Innovation recalls at its Latin stem the introduction of new approaches or new practices in scientific and technological procedures as well as in daily life. In other words, innovation pairs with novelty in a very loose and yet ample sense. Yet, is innovation a synonym for advancement or progress? Something new could be for the better or for the worse. There should be no doubts on the two options taking place alternatively or simultaneously, even though on incredibly different time scales. For instance, nothing to question about the novelty introduced by internal combustion engines when they were conceived and put on the market. Great invention! They have sped up the world so that any distance has become shorter if not much shorter. But, after about one hundred years of traffic, waste gases ares diffused in any single corner of our globe and now exhaust emissions bear a serious health risk in many polluted cities so that, on the long run, those uncontrolled emissions could become one of the main triggers of that dramatic scenario framed under and evoked by the well-known term of global warming. This is just a clear example telling us that we cannot take for granted that innovation comes with its all-around progress. Regress could always appear as thorns on roses. Something similar is happening in these days of our western society, where the increasingly open outlook on social life encouraged by the advent of more and more sophisticated and fast means of communication is gradually eaten away by threats coming from several menaces (terrorism, uncontrolled migration fluxes, economic crisis) grown on the ground of the world wide web.

The two sides of the coin are not for the specialist to ponder. Indeed, scientists, practitioners, technicians, professionals act on a different basis. They are, in most cases, highly skilled people and deliver their exclusive knowledge to the object of their expertise. In other terms, if innovation is promoted by specialized researchers, these ones cannot take the function that is entitled to decision makers. Politics has to establish the role of science in the advancement and preservation of our industrialized civilization, especially when innovation does not come up with its untwisted tangles. It means, furthermore, that politicians must be able to develop an intuitive power to grasp downsides of seemingly advantageous scientific or technical steps forward, which could also be prone to open and popular debate (paradigmatic, here, is the case of landfills and the handling of wastes in incineration plants). Such a capability involves the trait that only men and women of vision have. What is more, it demands the burdensome ability of working on partial ignorance about the foreseeable occurrence of endings that are not always so happy as the promises made by new scientific and technical knowledge. And the balance between the two opposite poles (i.e., useable ignorance and knowledge) is hard to achieve if the road towards it is not seriously walked through by our local and national leaders. For sure, best choices stem from that balance and, in this sense, “ignorance is bliss” (as reads an old English saying). But, to get to that point, representatives of our ruling class have to be trained to challenge with competence the stimulating questions that innovation recurrently carries and for which there might be no clear preference among complex answers all the same predictable or, at least, justifiably presumable.

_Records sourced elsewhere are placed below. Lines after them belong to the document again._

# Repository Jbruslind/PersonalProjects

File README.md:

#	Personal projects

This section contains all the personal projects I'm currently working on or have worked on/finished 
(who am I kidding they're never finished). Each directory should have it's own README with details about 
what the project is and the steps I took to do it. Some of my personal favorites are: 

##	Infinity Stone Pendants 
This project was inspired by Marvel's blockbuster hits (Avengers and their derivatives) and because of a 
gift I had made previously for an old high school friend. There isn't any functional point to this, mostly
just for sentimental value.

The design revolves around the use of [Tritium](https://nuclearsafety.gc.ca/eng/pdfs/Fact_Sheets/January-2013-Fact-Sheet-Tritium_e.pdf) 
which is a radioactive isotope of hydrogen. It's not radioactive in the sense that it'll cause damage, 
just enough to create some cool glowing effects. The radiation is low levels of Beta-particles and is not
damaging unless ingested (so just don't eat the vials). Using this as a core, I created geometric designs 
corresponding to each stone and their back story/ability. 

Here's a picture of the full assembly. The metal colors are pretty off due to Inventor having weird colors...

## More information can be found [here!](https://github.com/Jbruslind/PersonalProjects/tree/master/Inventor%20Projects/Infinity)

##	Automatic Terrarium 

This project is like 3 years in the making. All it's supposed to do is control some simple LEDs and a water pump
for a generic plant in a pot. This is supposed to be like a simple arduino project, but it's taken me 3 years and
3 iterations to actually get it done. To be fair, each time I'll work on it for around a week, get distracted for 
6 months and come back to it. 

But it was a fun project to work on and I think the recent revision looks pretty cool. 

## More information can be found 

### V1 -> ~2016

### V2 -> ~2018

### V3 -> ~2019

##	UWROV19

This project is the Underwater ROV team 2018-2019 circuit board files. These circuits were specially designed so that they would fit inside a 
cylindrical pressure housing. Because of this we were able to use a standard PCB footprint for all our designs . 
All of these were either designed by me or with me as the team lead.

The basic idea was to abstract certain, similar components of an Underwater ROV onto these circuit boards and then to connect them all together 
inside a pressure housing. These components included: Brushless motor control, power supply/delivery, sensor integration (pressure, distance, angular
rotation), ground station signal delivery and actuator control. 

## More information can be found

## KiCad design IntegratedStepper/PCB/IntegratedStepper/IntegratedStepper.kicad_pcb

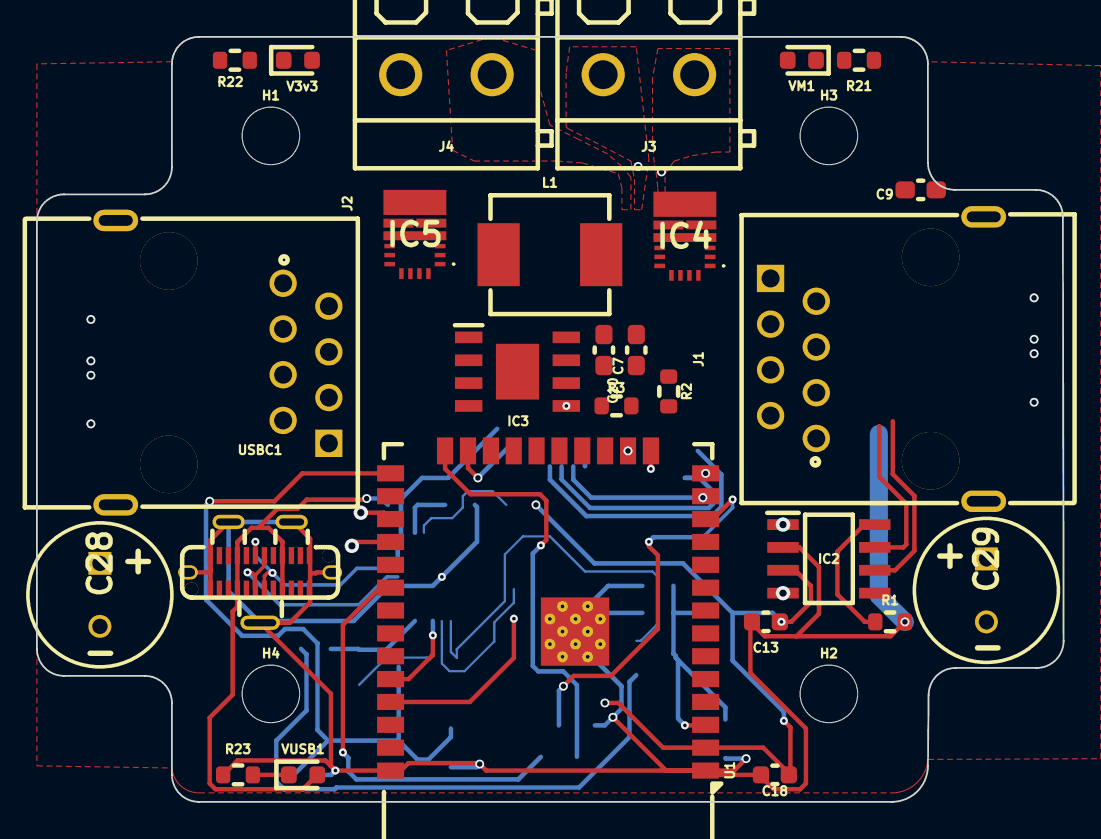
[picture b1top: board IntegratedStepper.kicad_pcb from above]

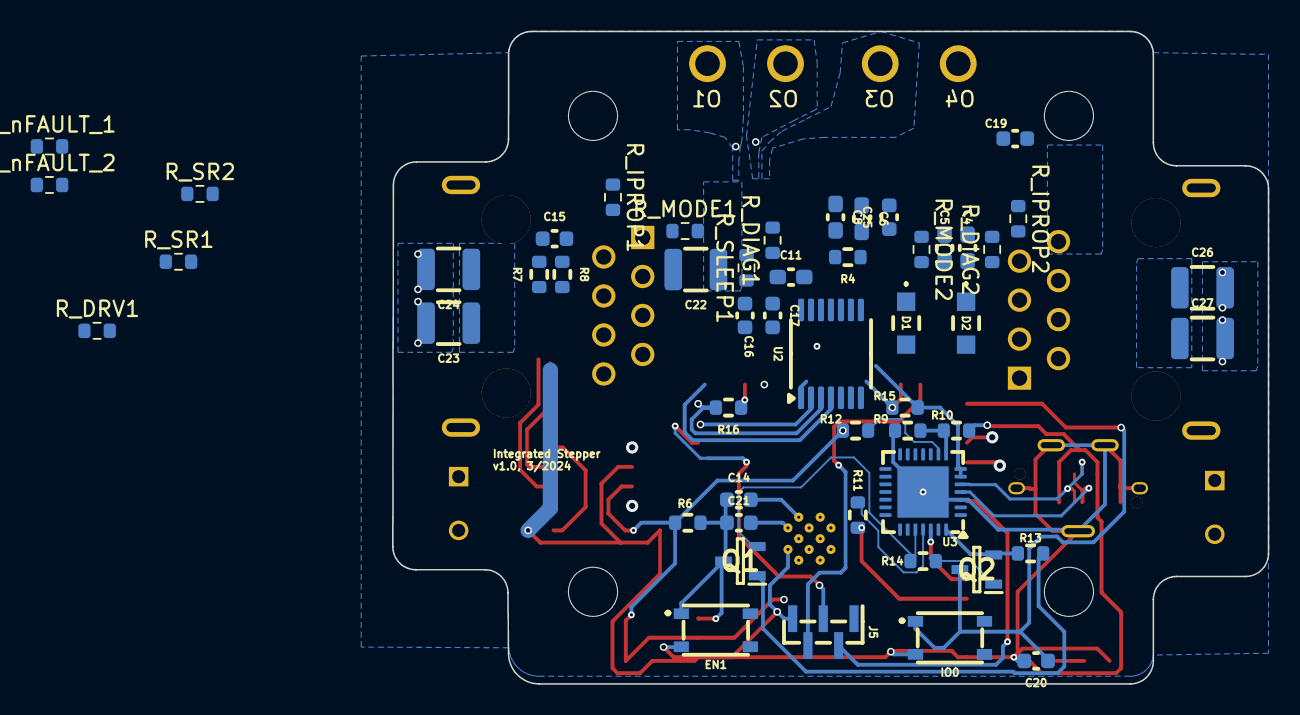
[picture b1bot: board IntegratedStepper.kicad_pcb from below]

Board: 4 copper layers, 57.0 x 42.5 mm, 82 parts (51 on the bottom side), 58 nets.

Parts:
C4, C7, C10: 10uf; C_0603_1608Metric_Pad1.08x0.95mm_HandSolder
C5, C9: 1uF; C_0603_1608Metric_Pad1.08x0.95mm_HandSolder
C6, C8: 100nf; C_0603_1608Metric_Pad1.08x0.95mm_HandSolder
C11: 0.1uF; C_0603_1608Metric_Pad1.08x0.95mm_HandSolder
C13, C14, C17, C18, C20, C21: 0.1uF; C_0603_1608Metric
C15: 4.7nF; C_0603_1608Metric
C16, C19, C25: 10uF; C_0603_1608Metric
C22, C23: 22uF; C_1210_3225Metric
C24, C26, C27: 10uF; C_1210_3225Metric
C28, C29: 100uF; CAPPRD350W65D800H1650
D1, D2: PMEG6020ER,115; PMEG6020ER115
EN1: PTS815_SJG_250_SMTR_LFS; PTS815SJM250SMTRLFS
H1, H2, H3, H4: MountingHole_Pad; MountingHole_3.2mm_M3
IC2: SN65HVD230DR; SOT127P600X175-8N
IC3: LMR38020FSQDDARQ1; SOIC127P600X170-9N
IC4, IC5: DRV8243HQRXYRQ1
IO0: PTS815_SJG_250_SMTR_LFS; PTS815SJM250SMTRLFS
J1, J2: 8P8C; RJ45-TH_KH-RJ45-58-8P8C
J3, J4: Screw_Terminal_01x02; CONN-TH_P5.08_KF128-5.08-2P
J5: Conn_01x05_Socket; PinHeader_1x05_P1.00mm_Vertical_SMD_Pin1Left
L1: 10uH; IND-SMD_L7.2-W6.6_GPSR07X0
Q1, Q2: SS8050-G; SOT95P240X115-3N
R1, R6, R13, R14: 10k; R_0603_1608Metric
R2: 154k; R_0603_1608Metric
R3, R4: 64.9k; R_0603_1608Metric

In the end, it appears that future energy does not only have the connotations of revolutionary or, to a lesser degree, incremental advances that science and technology pursue and pile up on the global scene of our erratic world. Future energy is the resulting all-embracing design about our energy-dependent and energy-oriented destiny shaped by the concerted effort made by all the actors involved in the mission of securing the broadest availability of social advantages of new technologies by minimizing in the extreme the potential risks of adverse circumstances. Along the same lines, future energy is much more than technological choices made by the promotors of technology. It is the playhouse where the plot is going to be written down by the hands of several experts of scientific and human provenance and whose respective contributions will forge and prepare a forthcoming time of sustainable lifestyles.